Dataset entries

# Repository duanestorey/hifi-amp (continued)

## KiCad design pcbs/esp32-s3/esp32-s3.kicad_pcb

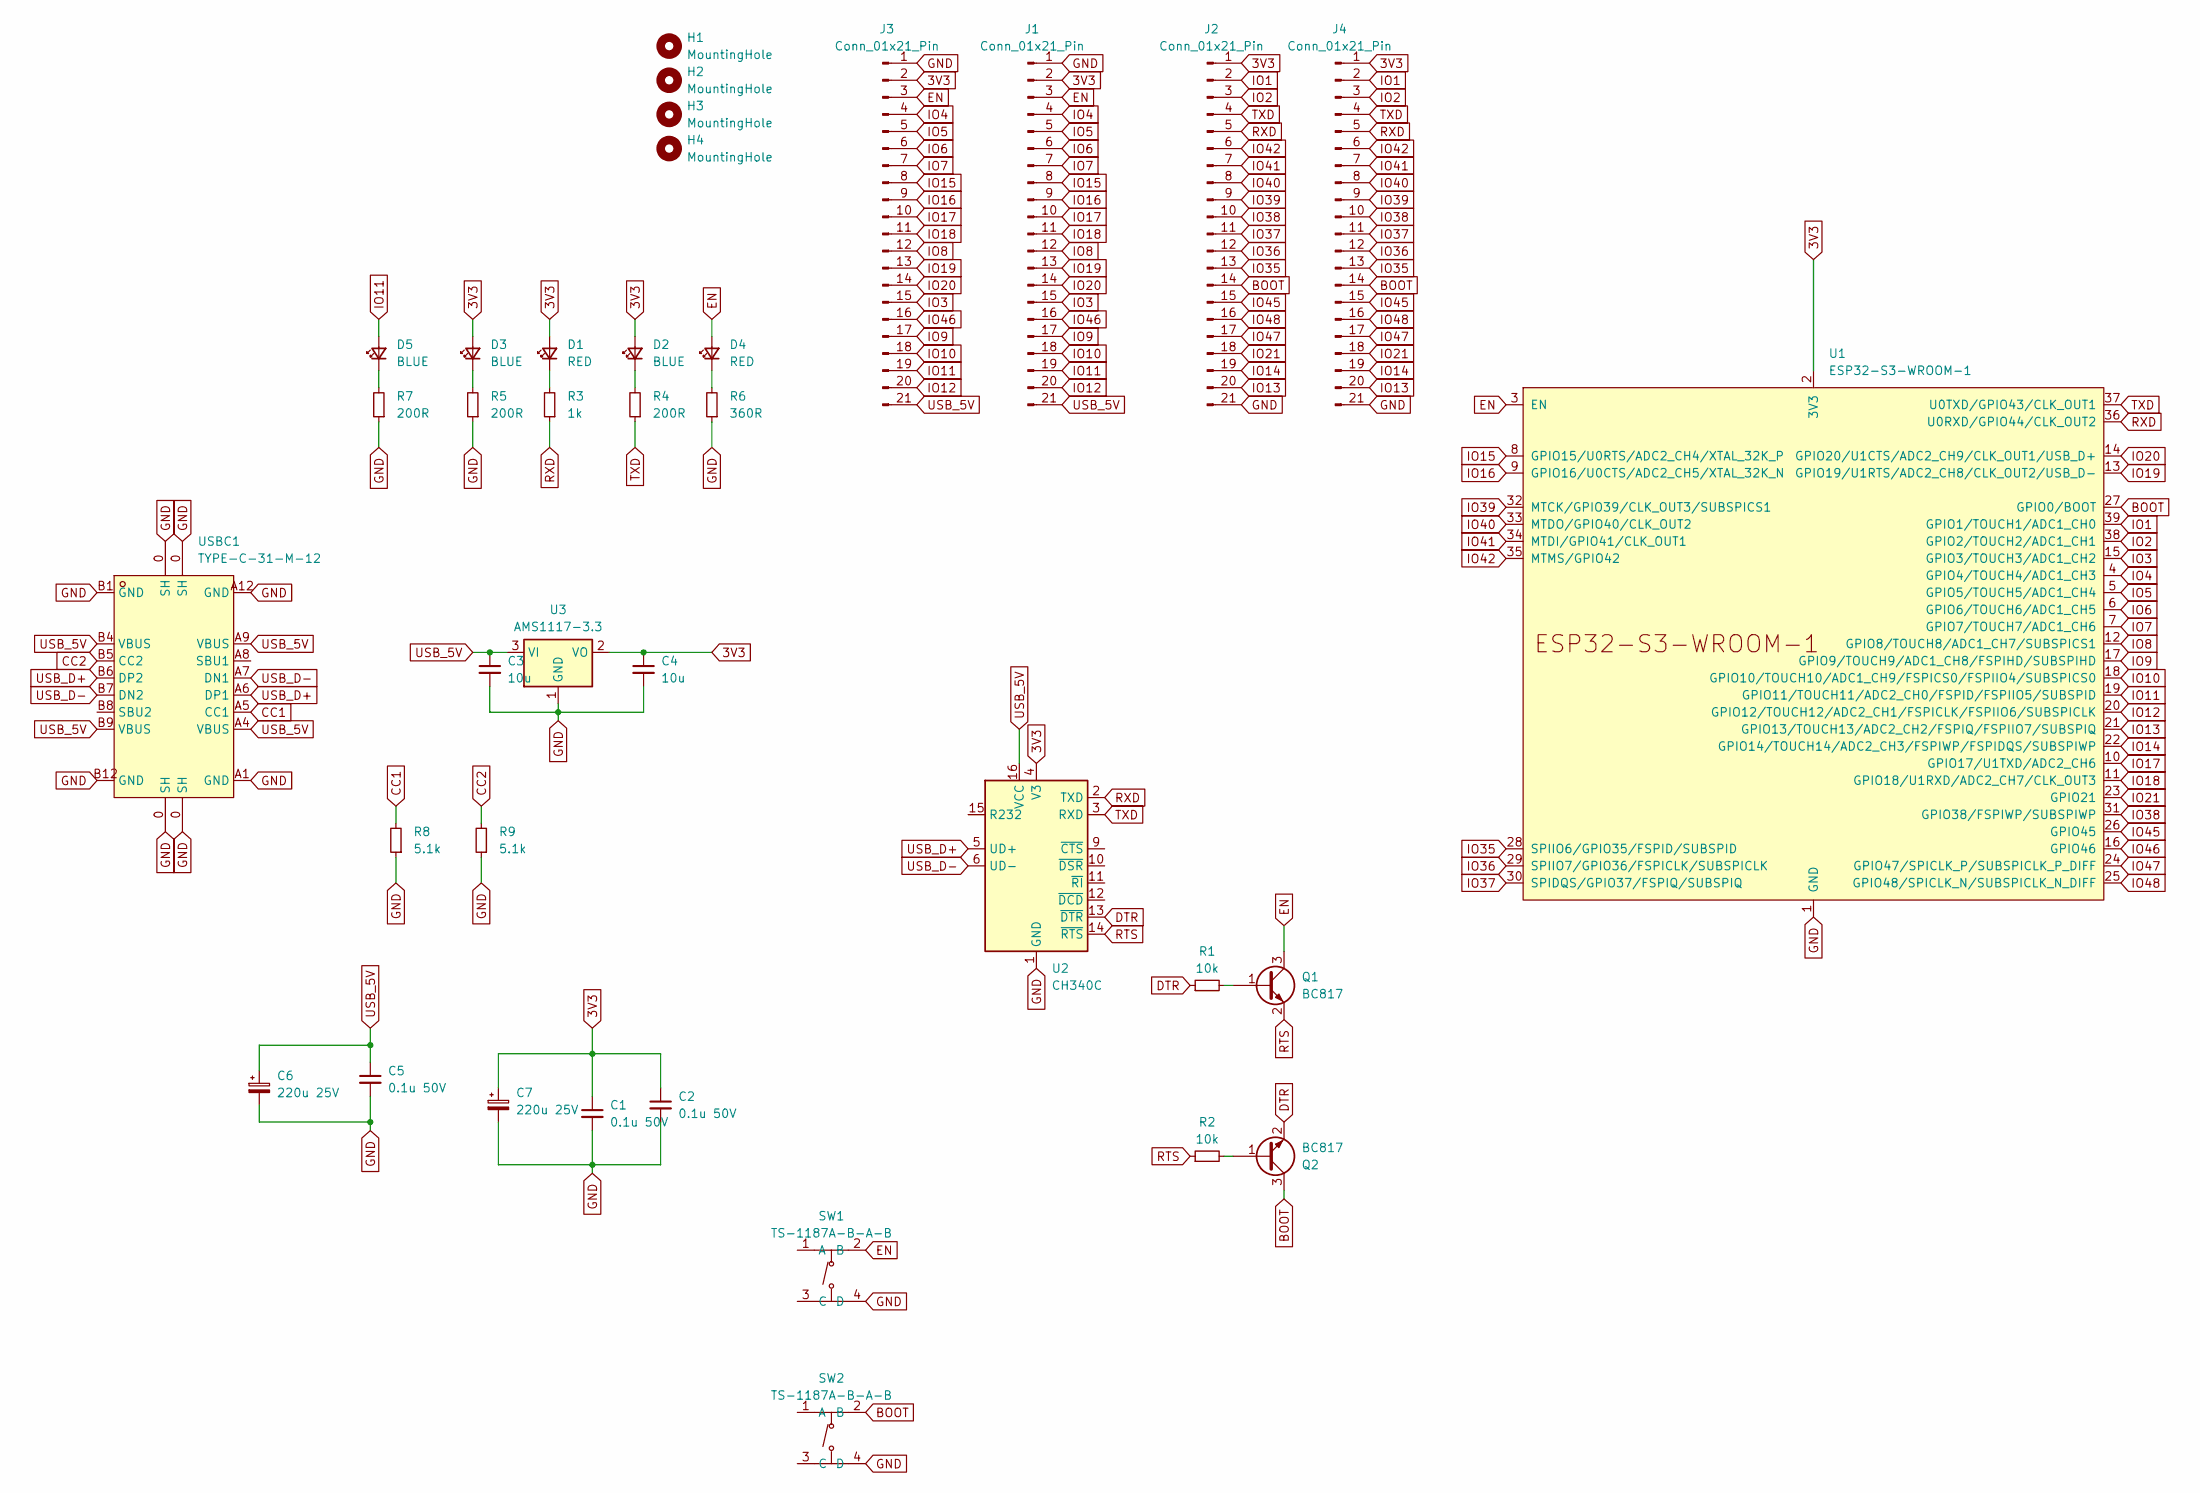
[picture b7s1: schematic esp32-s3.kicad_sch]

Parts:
C1, C2, C5: 0.1u 50V; C_0805_2012Metric; LCSC C38141
C3, C4: 10u; C_1206_3216Metric; LCSC C14860
C6, C7: 220u 25V; CP_Elec_6.3x7.7; LCSC C2918361
D1, D4: RED; LED_0603_1608Metric
D2, D3, D5: BLUE; LED_0603_1608Metric; LCSC C19171394
H1, H2, H3, H4: MountingHole; MountingHole_3.2mm_M3_DIN965_Pad_TopBottom
J1, J2: Conn_01x21_Pin; PinHeader_1x21_P2.54mm_Vertical; LCSC C41375940
J3, J4: Conn_01x21_Pin; PinSocket_1x21_P2.54mm_Vertical; LCSC C41376160
Q1, Q2: BC817; SOT-23; LCSC C52801
R1, R2: 10k; R_0603_1608Metric; LCSC C2930027
R3: 1k; R_0603_1608Metric
R4, R5: 200R; R_0603_1608Metric; LCSC C8218
R6: 360R; R_0603_1608Metric; LCSC C25194
R7: 200R; R_0603_1608Metric
R8, R9: 5.1k; R_0603_1608Metric; LCSC C23186
SW1, SW2: TS-1187A-B-A-B; SW-SMD_4P-L5.1-W5.1-P3.70-LS6.5-TL_H1.5; LCSC Part C318884
U1: ESP32-S3-WROOM-1; LCSC C2913203
U2: CH340C; SOIC-16_3.9x9.9mm_P1.27mm
U3: AMS1117-3.3; SOT-223-3_TabPin2; LCSC C5250992
USBC1: TYPE-C-31-M-12; USB-C_SMD-TYPE-C-31-M-12; LCSC Part C165948

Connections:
3V3: C1.1, C2.1, C4.1, C7.1, D1.2 (A), D2.2 (A), D3.2 (A), J1.2, J2.1, J3.2, J4.1, U1.2 (3V3), U2.4 (V3), U3.2 (VO)
BOOT: J2.14, J4.14, Q2.3 (C), SW2.2 (B), U1.27 (GPIO0/BOOT)
CC1: R8.2, USBC1.A5 (CC1)
CC2: R9.2, USBC1.B5 (CC2)
DTR: Q2.2 (E), R1.1, U2.13 (~DTR)
EN: D4.2 (A), J1.3, J3.3, Q1.3 (C), SW1.2 (B), U1.3 (EN)
GND: C1.2, C2.2, C3.2, C4.2, C5.2, C6.2, C7.2, J1.1, J2.21, J3.1, J4.21, R5.1, R6.1, R7.1, R8.1, R9.1, SW1.4 (D), SW2.4 (D), U1.1 (GND), U1.40 (GND), U1.41 (GND), U2.1 (GND), U3.1 (GND), USBC1.0 (SH), USBC1.A1 (GND), USBC1.A12 (GND), USBC1.B1 (GND), USBC1.B12 (GND)
IO1: J2.2, J4.2, U1.39 (GPIO1/TOUCH1/ADC1_CH0)
IO2: J2.3, J4.3, U1.38 (GPIO2/TOUCH2/ADC1_CH1)
IO3: J1.15, J3.15, U1.15 (GPIO3/TOUCH3/ADC1_CH2)
IO4: J1.4, J3.4, U1.4 (GPIO4/TOUCH4/ADC1_CH3)
IO5: J1.5, J3.5, U1.5 (GPIO5/TOUCH5/ADC1_CH4)
IO6: J1.6, J3.6, U1.6 (GPIO6/TOUCH6/ADC1_CH5)
IO7: J1.7, J3.7, U1.7 (GPIO7/TOUCH7/ADC1_CH6)
IO8: J1.12, J3.12, U1.12 (GPIO8/TOUCH8/ADC1_CH7/SUBSPICS1)
IO9: J1.17, J3.17, U1.17 (GPIO9/TOUCH9/ADC1_CH8/FSPIHD/SUBSPIHD)
IO10: J1.18, J3.18, U1.18 (GPIO10/TOUCH10/ADC1_CH9/FSPICS0/FSPIIO4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)
IO11: D5.2 (A), J1.19, J3.19, U1.19 (GPIO11/TOUCH11/ADC2_CH0/FSPID/FSPIIO5/S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)
IO12: J1.20, J3.20, U1.20 (GPIO12/TOUCH12/ADC2_CH1/FSPICLK/FSPIIO6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)
IO13: J2.20, J4.20, U1.21 (GPIO13/TOUCH13/ADC2_CH2/FSPIQ/FSPIIO7/S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)
IO14: J2.19, J4.19, U1.22 (GPIO14/TOUCH14/ADC2_CH3/FSPIWP/FSPIDQS/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)
IO15: J1.8, J3.8, U1.8 (GPIO15/U0RTS/ADC2_CH4/XTAL_32K_P)
IO16: J1.9, J3.9, U1.9 (GPIO16/U0CTS/ADC2_CH5/XTAL_32K_N)
IO17: J1.10, J3.10, U1.10 (GPIO17/U1TXD/ADC2_CH6)
IO18: J1.11, J3.11, U1.11 (GPIO18/U1RXD/ADC2_CH7/CLK_OUT3)
IO19: J1.13, J3.13, U1.13 (GPIO19/U1RTS/ADC2_CH8/CLK_OUT2/USB_D-)
IO20: J1.14, J3.14, U1.14 (GPIO20/U1CTS/ADC2_CH9/CLK_OUT1/USB_D+)
IO21: J2.18, J4.18, U1.23 (GPIO21)
IO35: J2.13, J4.13, U1.28 (SPIIO6/GPIO35/FSPID/SUBSPID)
IO36: J2.12, J4.12, U1.29 (SPIIO7/GPIO36/FSPICLK/SUBSPICLK)
IO37: J2.11, J4.11, U1.30 (SPIDQS/GPIO37/FSPIQ/SUBSPIQ)
IO38: J2.10, J4.10, U1.31 (GPIO38/FSPIWP/SUBSPIWP)
IO39: J2.9, J4.9, U1.32 (MTCK/GPIO39/CLK_OUT3/SUBSPICS1)
IO40: J2.8, J4.8, U1.33 (MTDO/GPIO40/CLK_OUT2)
IO41: J2.7, J4.7, U1.34 (MTDI/GPIO41/CLK_OUT1)
IO42: J2.6, J4.6, U1.35 (MTMS/GPIO42)
IO45: J2.15, J4.15, U1.26 (GPIO45)
IO46: J1.16, J3.16, U1.16 (GPIO46)
IO47: J2.17, J4.17, U1.24 (GPIO47/SPICLK_P/SUBSPICLK_P_DIFF)
IO48: J2.16, J4.16, U1.25 (GPIO48/SPICLK_N/SUBSPICLK_N_DIFF)
unnamed: D1.1 (K), R3.2
unnamed: D2.1 (K), R4.2
unnamed: D3.1 (K), R5.2
unnamed: D4.1 (K), R6.2
unnamed: D5.1 (K), R7.2
unnamed: Q1.1 (B), R1.2
unnamed: Q2.1 (B), R2.2
RTS: Q1.2 (E), R2.1, U2.14 (~RTS)
RXD: J2.5, J4.5, R3.1, U1.36 (U0RXD/GPIO44/CLK_OUT2), U2.2 (TXD)
TXD: J2.4, J4.4, R4.1, U1.37 (U0TXD/GPIO43/CLK_OUT1), U2.3 (RXD)
USB_5V: C3.1, C5.1, C6.1, J1.21, J3.21, U2.16 (VCC), U3.3 (VI), USBC1.A4 (VBUS), USBC1.A9 (VBUS), USBC1.B4 (VBUS), USBC1.B9 (VBUS)
USB_D+: U2.5 (UD+), USBC1.A6 (DP1), USBC1.B6 (DP2)
USB_D-: U2.6 (UD-), USBC1.A7 (DN1), USBC1.B7 (DN2)

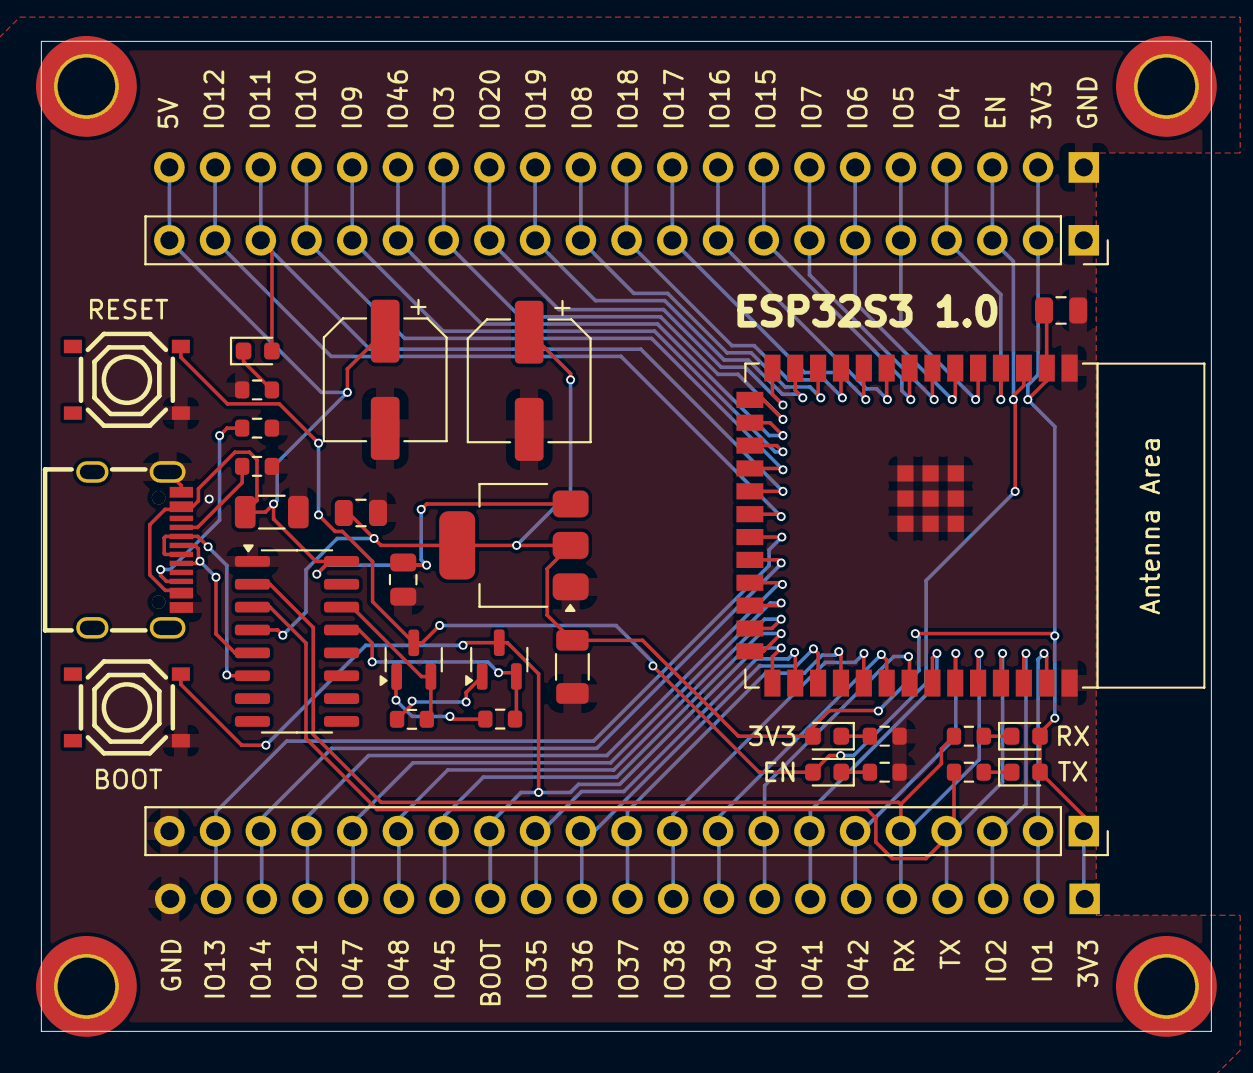
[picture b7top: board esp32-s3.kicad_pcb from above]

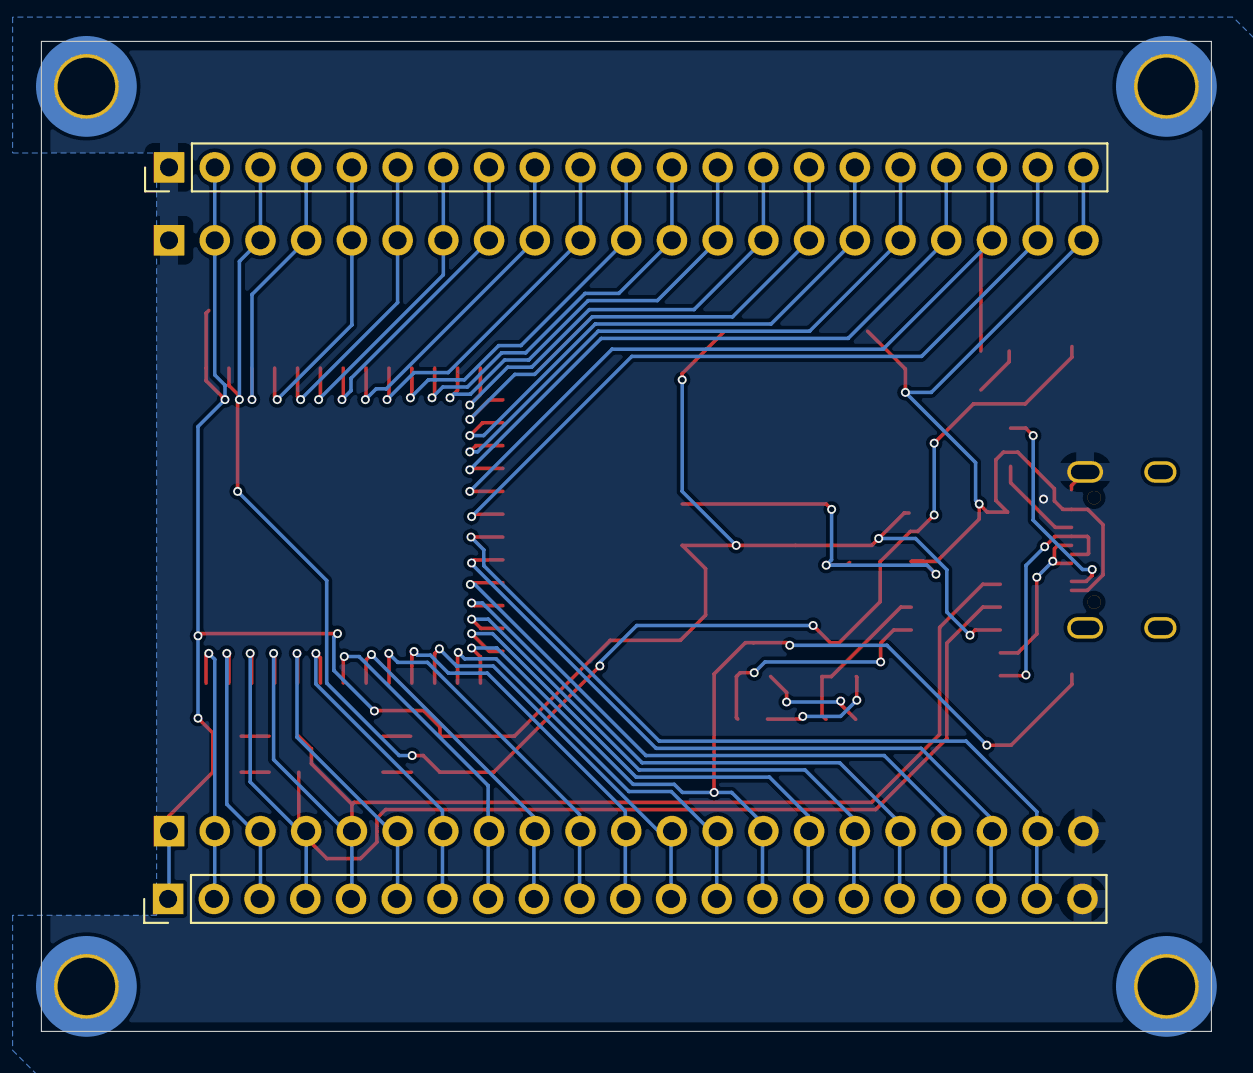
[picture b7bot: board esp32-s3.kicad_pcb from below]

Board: 2 copper layers, 65.0 x 55.0 mm, 37 parts (2 on the bottom side), 53 nets.

> _TASK TO CARRY OUT_: Reproduce only the lines running from the beginning of the entries above to the line holding "EN: D4.2 (A), J1.3, J3.3, Q1.3", inclusive. Pictures stay out of the copy.

> _WRITTEN RESPONSE_:
# Repository duanestorey/hifi-amp (continued)

## KiCad design pcbs/esp32-s3/esp32-s3.kicad_pcb

[picture b7s1: schematic esp32-s3.kicad_sch]

Parts:
C1, C2, C5: 0.1u 50V; C_0805_2012Metric; LCSC C38141
C3, C4: 10u; C_1206_3216Metric; LCSC C14860
C6, C7: 220u 25V; CP_Elec_6.3x7.7; LCSC C2918361
D1, D4: RED; LED_0603_1608Metric
D2, D3, D5: BLUE; LED_0603_1608Metric; LCSC C19171394
H1, H2, H3, H4: MountingHole; MountingHole_3.2mm_M3_DIN965_Pad_TopBottom
J1, J2: Conn_01x21_Pin; PinHeader_1x21_P2.54mm_Vertical; LCSC C41375940
J3, J4: Conn_01x21_Pin; PinSocket_1x21_P2.54mm_Vertical; LCSC C41376160
Q1, Q2: BC817; SOT-23; LCSC C52801
R1, R2: 10k; R_0603_1608Metric; LCSC C2930027
R3: 1k; R_0603_1608Metric
R4, R5: 200R; R_0603_1608Metric; LCSC C8218
R6: 360R; R_0603_1608Metric; LCSC C25194
R7: 200R; R_0603_1608Metric
R8, R9: 5.1k; R_0603_1608Metric; LCSC C23186
SW1, SW2: TS-1187A-B-A-B; SW-SMD_4P-L5.1-W5.1-P3.70-LS6.5-TL_H1.5; LCSC Part C318884
U1: ESP32-S3-WROOM-1; LCSC C2913203
U2: CH340C; SOIC-16_3.9x9.9mm_P1.27mm
U3: AMS1117-3.3; SOT-223-3_TabPin2; LCSC C5250992
USBC1: TYPE-C-31-M-12; USB-C_SMD-TYPE-C-31-M-12; LCSC Part C165948

Connections:
3V3: C1.1, C2.1, C4.1, C7.1, D1.2 (A), D2.2 (A), D3.2 (A), J1.2, J2.1, J3.2, J4.1, U1.2 (3V3), U2.4 (V3), U3.2 (VO)
BOOT: J2.14, J4.14, Q2.3 (C), SW2.2 (B), U1.27 (GPIO0/BOOT)
CC1: R8.2, USBC1.A5 (CC1)
CC2: R9.2, USBC1.B5 (CC2)
DTR: Q2.2 (E), R1.1, U2.13 (~DTR)
EN: D4.2 (A), J1.3, J3.3, Q1.3 (C), SW1.2 (B), U1.3 (EN)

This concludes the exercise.